Data excerpts
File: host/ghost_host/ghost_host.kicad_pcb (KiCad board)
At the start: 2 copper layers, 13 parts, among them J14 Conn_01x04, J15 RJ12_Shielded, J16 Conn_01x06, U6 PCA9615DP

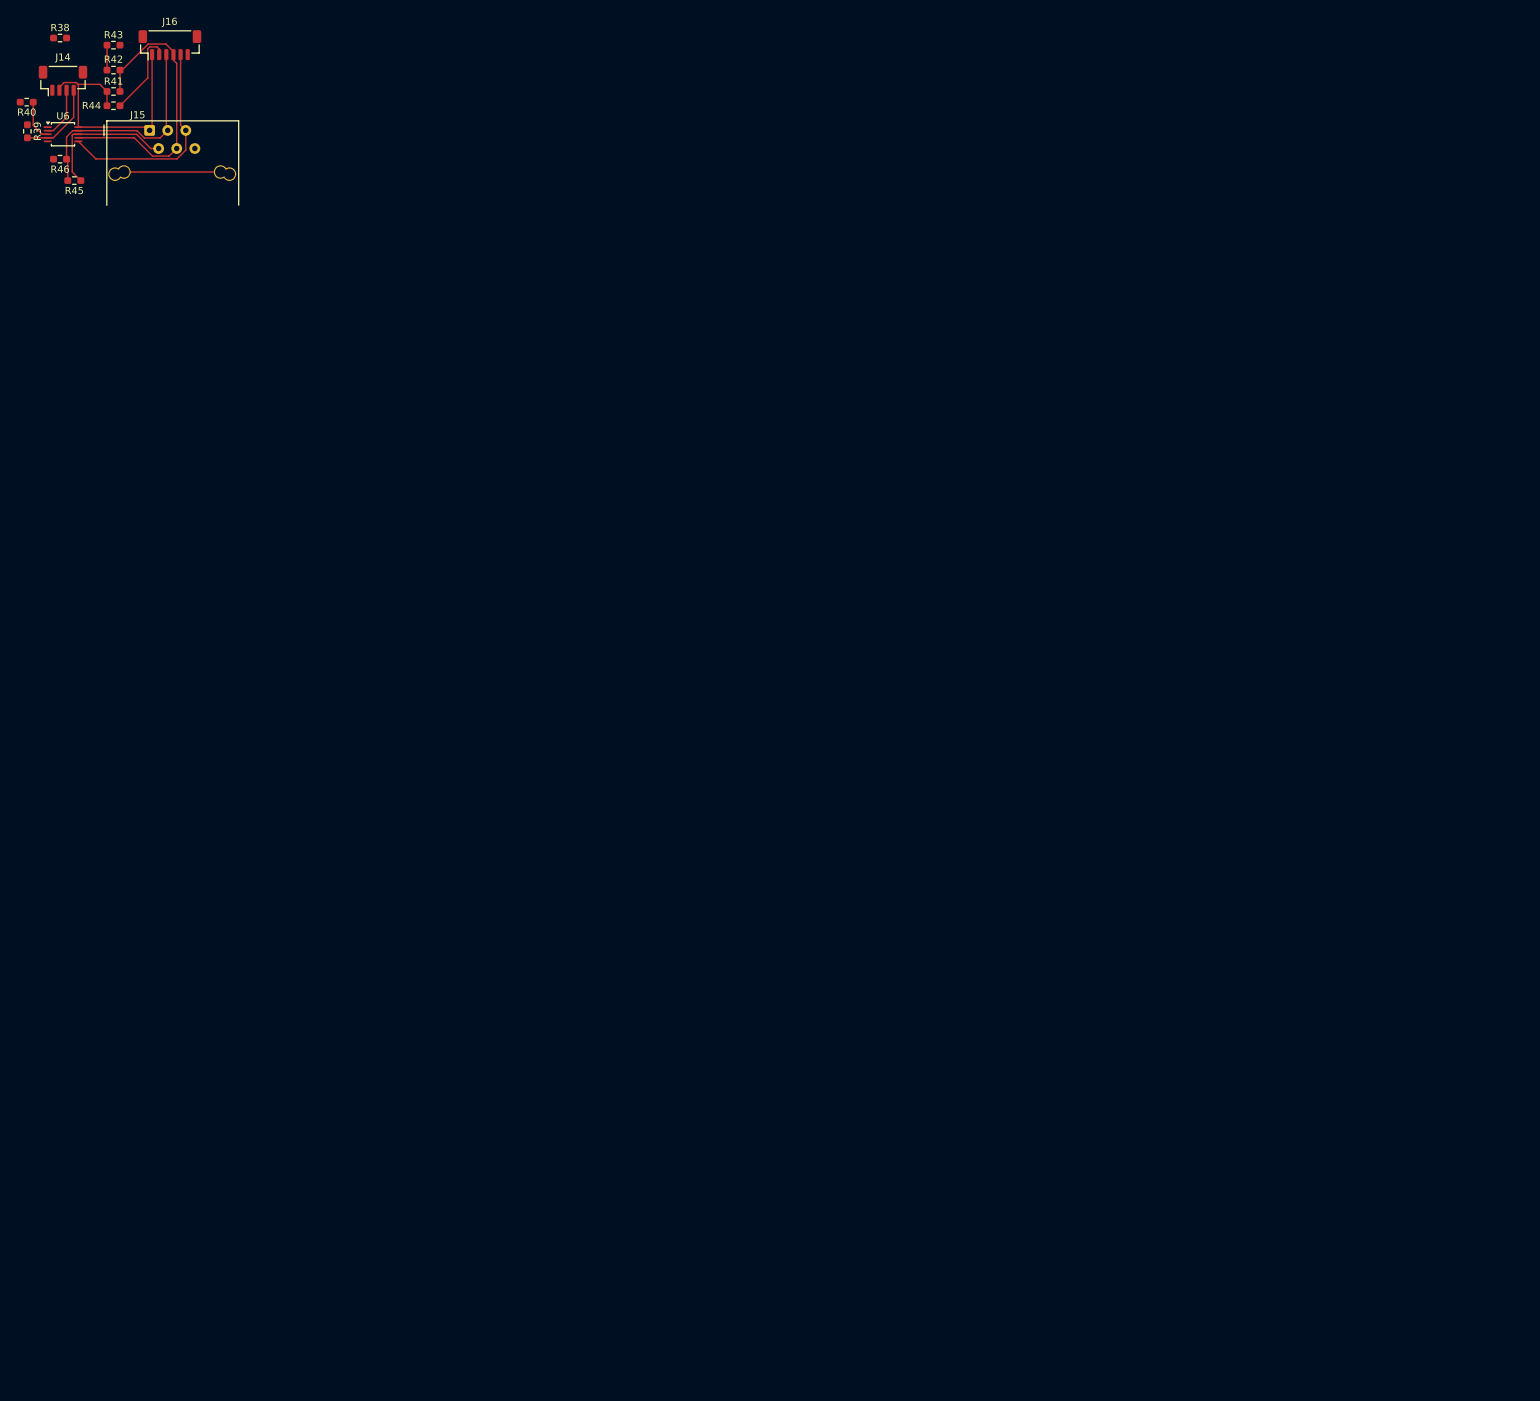
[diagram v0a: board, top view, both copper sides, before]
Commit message: finished host board PCB layout
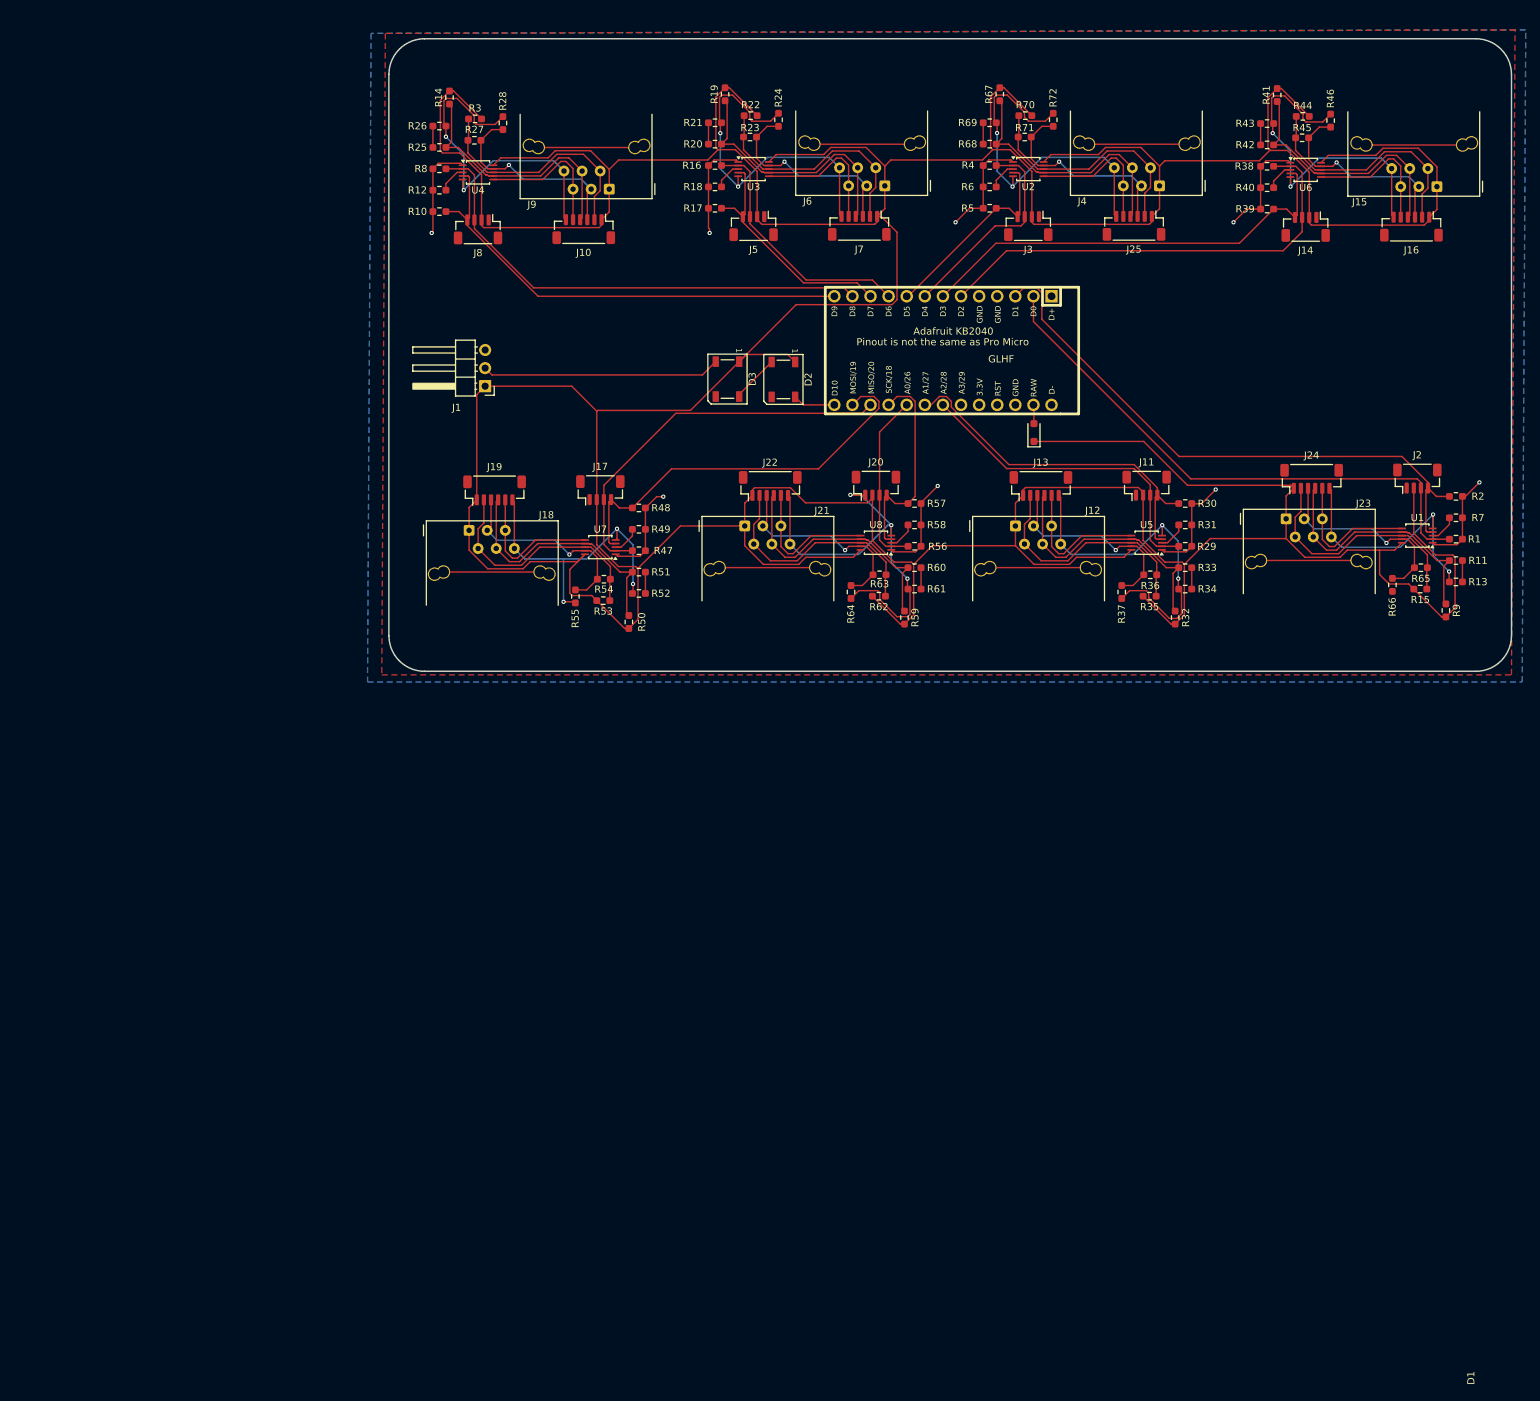
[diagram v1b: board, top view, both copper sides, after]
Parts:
- added D1: CMS06(TE12L,Q,M), Diode_SMD:D_SOD-323_HandSoldering, F.Cu at (165.0, 89.5)
- added D2: WS2812B, LED_SMD:LED_WS2812B_PLCC4_5.0x5.0mm_P3.2mm, F.Cu at (129.8, 82.0)
- added D3: WS2812B, LED_SMD:LED_WS2812B_PLCC4_5.0x5.0mm_P3.2mm, F.Cu at (122.0, 82.0)
- added J1: RGB_3_Pin_Connector, Connector_PinHeader_2.54mm:PinHeader_1x03_P2.54mm_Horizontal, F.Cu at (88.0, 83.0)
- added J10: Conn_01x06, Connector_JST:JST_SH_BM06B-SRSS-TB_1x06-1MP_P1.00mm_Vertical, F.Cu at (101.8, 61.0)
- added J11: Conn_01x04, Connector_JST:JST_SH_BM04B-SRSS-TB_1x04-1MP_P1.00mm_Vertical, F.Cu at (180.8, 97.0)
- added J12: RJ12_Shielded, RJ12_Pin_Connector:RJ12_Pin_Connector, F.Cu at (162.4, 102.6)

- _What is needed_: Return all lines from the data above with "diagram" in them.

- _Expected answer_:
[diagram v0a: board, top view, both copper sides, before]
[diagram v1b: board, top view, both copper sides, after]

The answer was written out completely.